You can also look at the Fugitive Slave Clause in the U.S. Constitution, one of the original passages in the Founding Document, which declares that “No Person held to Service or Labour in one State, under the Laws thereof, escaping into another, shall, in Consequence of any Law or Regulation therein, be discharged from such Service or Labour”. As Albany Law School Professor Paul Finkelman has noted, when states’ rights is mentioned in context of the Civil War, it is purely about the ability of slaveowners to enslave Black people.

Meanwhile there are plenty of original sources that teachers and families can use in helping children understand the compromises made on the question of slavery. This starts again with the federal Constitution. There is the Three-Fifths Clause, under which slaves were considered three-fifths of a person for the purposes of the Census and congressional representation of southern (and northern) states because they weren’t free people by law. Along with original documents from writers of the Constitution such as James Madison (who took notes during the Constitutional Convention of 1787), you can learn how the battle between those opposed to slavery and those who were slaveholders shaped this and other compromises on the evil that ended up in law.

Another key document is the Compromise of 1820, under which Maine was admitted as a state free of slavery in condition for allowing Missouri to be admitted as a slave state. The original document itself, along with Robert Pierce Forbes’ tome on the significance of the law, demonstrates how congressional leaders of the time felt compromise was necessary to keep together the Union even at the expense of the lives of human beings.

John Kelly’s misstatements about the reasons why the Civil War happened isn’t shocking. American public education has done a shoddy job of providing honest and comprehensive history and civics education.

Then there’s the Compromise of 1850, which admitted California into the Union in exchange for allowing slaveowners in southern states to hunt down enslaved Black people who dared to escape to freedom in the North. An entire compendium is available thanks to the Library of Congress. By studying the documents — including the Fugitive Slave Act that would figure in the infamous Dred Scot decision — children can learn how congressional leaders continued bartering the lives of Black people against a backdrop of increasing opposition to slavery.
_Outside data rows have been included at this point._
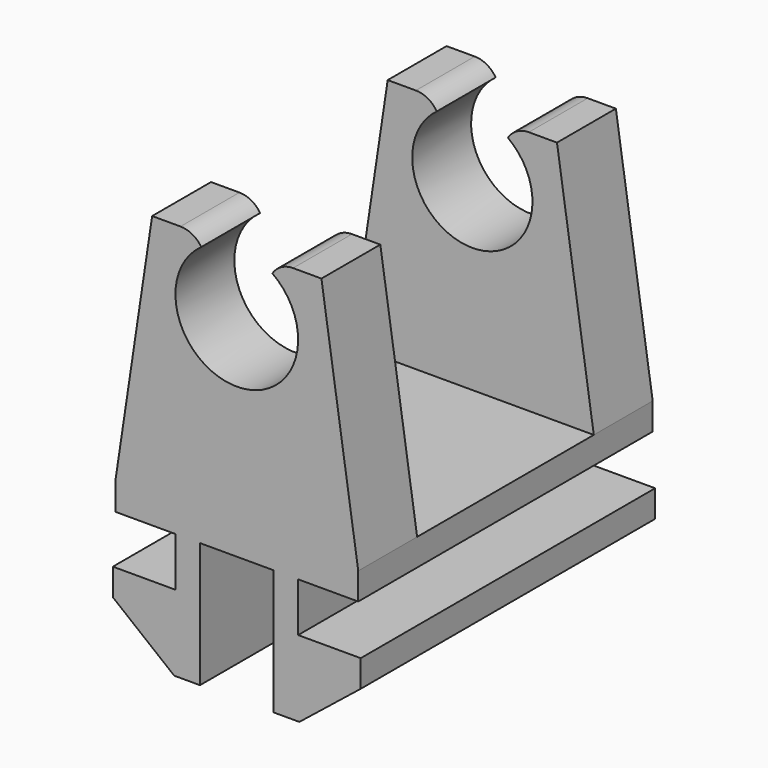
from build123d import *

# Parameters (mm, degrees)
F1_DEPTH     = 15
F3_DEPTH     = 25
F7_W         = 9.9
F7_H         = 3
F8_DEPTH     = 10
F10_DEPTH    = 3
F12_DEPTH    = 3
F13_T1_DEPTH = 7.2559990627
F13_T3_DEPTH = 7.2193706768


# Not quite as in the source:
# - a fillet or chamfer that OpenCascade refuses, or shapes differently, is made with other operations: its cross-section is extruded or revolved along the edge and cut away or added
# - a feature of the source that left no trace in its solid (it failed there, or was rolled back) is left out


with BuildPart() as f1:
    # F0 (on Front) → F1 (new body)
    with BuildSketch(Plane.XZ):
        Polygon((-2.5, 0.55), (-5.05, 0.55), (-5.05, -0.55), (-2.55, -2.55), (-1.5, -2.55), (-1.5, 2.55), (0, 2.55), (1.5, 2.55), (1.5, -2.55), (2.55, -2.55), (5.05, -0.55), (5.05, 0.55), (2.5, 0.55), (2.5, 2.55), (4.95, 2.55), (4.95, 3.65), (-4.95, 3.65), (-4.95, 2.55), (-2.5, 2.55), align=None)
    extrude(amount=F1_DEPTH)

    # F7 (on face) → F8 (join)
    with BuildSketch(Plane.XY.offset(3.65)):
        with Locations((0, -13.5)):
            Rectangle(F7_W, F7_H)
        with Locations((0, -1.5)):
            Rectangle(F7_W, F7_H)
    extrude(amount=F8_DEPTH)

    # F9 (on face) → F10 (cut, through all)
    with BuildSketch(Plane.XZ.offset(3)):
        with BuildLine():
            Line((-1.45, 13.65), (-1.45, 13.1748417658))
            ThreePointArc((-1.45, 13.1748417658), (0, 8.75), (1.45, 13.1748417658))
            Line((1.45, 13.1748417658), (1.45, 13.65))
            Line((1.45, 13.65), (-1.45, 13.65))
        make_face()
        Polygon((-4.95, 3.65), (-3.45, 13.65), (-4.95, 13.65), align=None)
        Polygon((4.95, 13.65), (3.45, 13.65), (4.95, 3.65), align=None)
    extrude(amount=-F10_DEPTH, mode=Mode.SUBTRACT)

    # F11 (on face) → F12 (cut, through all)
    with BuildSketch(Plane(origin=(0, -12, 0), x_dir=(-1, 0, 0), z_dir=(0, 1, 0))):
        with BuildLine():
            Line((-1.45, 13.65), (-1.45, 13.1865411854))
            ThreePointArc((-1.45, 13.1865411854), (0, 8.65), (1.45, 13.1865411854))
            Line((1.45, 13.1865411854), (1.45, 13.65))
            Line((1.45, 13.65), (-1.45, 13.65))
        make_face()
        Polygon((4.95, 13.65), (3.45, 13.65), (4.95, 3.65), align=None)
        Polygon((-4.95, 3.65), (-3.45, 13.65), (-4.95, 13.65), align=None)
    extrude(amount=-F12_DEPTH, mode=Mode.SUBTRACT)

    # F13: fillet of radius 1 on 4 edges, made by hand

    # F13_s2 → F13_t1 (cut)
    with BuildSketch(Plane.XZ.offset(-2.1279995313)):
        with BuildLine():
            ThreePointArc((1.45, 13.1748417658), (1.8137789296, 13.5231671563), (2.3011998125, 13.65))
            Line((2.3011998125, 13.65), (1.45, 13.65))
            Line((1.45, 13.65), (1.45, 13.1748417658))
        make_face()
        with BuildLine():
            ThreePointArc((-2.3011998125, 13.65), (-1.8137789296, 13.5231671563), (-1.45, 13.1748417658))
            Line((-1.45, 13.1748417658), (-1.45, 13.65))
            Line((-1.45, 13.65), (-2.3011998125, 13.65))
        make_face()
    extrude(amount=F13_T1_DEPTH, mode=Mode.SUBTRACT)

    # F13_s4 → F13_t3 (cut)
    with BuildSketch(Plane.XZ.offset(9.8903146616)):
        with BuildLine():
            ThreePointArc((1.45, 13.1865411854), (1.8124913279, 13.5265104636), (2.2938741354, 13.65))
            Line((2.2938741354, 13.65), (1.45, 13.65))
            Line((1.45, 13.65), (1.45, 13.1865411854))
        make_face()
        with BuildLine():
            ThreePointArc((-2.2938741354, 13.65), (-1.8124913279, 13.5265104636), (-1.45, 13.1865411854))
            Line((-1.45, 13.1865411854), (-1.45, 13.65))
            Line((-1.45, 13.65), (-2.2938741354, 13.65))
        make_face()
    extrude(amount=F13_T3_DEPTH, mode=Mode.SUBTRACT)


with BuildPart() as f3:
    # F2 (on face) → F3 (new body)
    with BuildSketch(Plane.XZ.offset(15)):
        with BuildLine():
            Line((-4.95, 3.65), (-4.0832418439, 3.65))
            Line((-4.0832418439, 3.65), (-0.75, 6.847274811))
            Line((-0.75, 6.847274811), (-0.75, 3.65))
            Line((-0.75, 3.65), (0.75, 3.65))
            Line((0.75, 3.65), (0.75, 6.828679691))
            Line((0.75, 6.828679691), (3.917720968, 3.65))
            Line((3.917720968, 3.65), (4.7647876878, 3.65))
            Line((4.7647876878, 3.65), (0.75, 7.6786768362))
            Line((0.75, 7.6786768362), (0.75, 7.9286768362))
            ThreePointArc((0.75, 7.9286768362), (0.6035533906, 8.2822302268), (0.25, 8.4286768362))
            Line((0.25, 8.4286768362), (-0.25, 8.4286768362))
            ThreePointArc((-0.25, 8.4286768362), (-0.6035533906, 8.2822302268), (-0.75, 7.9286768362))
            Line((-0.75, 7.9286768362), (-0.75, 7.6786768362))
            Line((-0.75, 7.6786768362), (-4.95, 3.65))
        make_face()
    extrude(amount=-F3_DEPTH)


solid = f1.part

The Kansas-Nebraska Act passed four years later, which upset the compromise by allowing voters in both new states to decide whether Black people can be enslaved, also illuminates how political leaders in northern states bent over backwards to accommodate slaveowners and their political representatives in the south. The Library of Congress also supplies the original text as well as the records of the congressional debates involved in its passage. Even as abolitionists such as Frederick Douglass and Charles Sumner convinced many Americans that slavery was evil, politicians such as Stephen Douglas (who authored the act as well as helped pass the Compromise of 1850) thought giving in on slavery was necessary in order to avoid secession. But dissent from Sumner as well as Maine Sen. William Fessenden (who argued that bowing to southern slaveholder demands should no longer be acceptable) foreshadowed the war that was to come.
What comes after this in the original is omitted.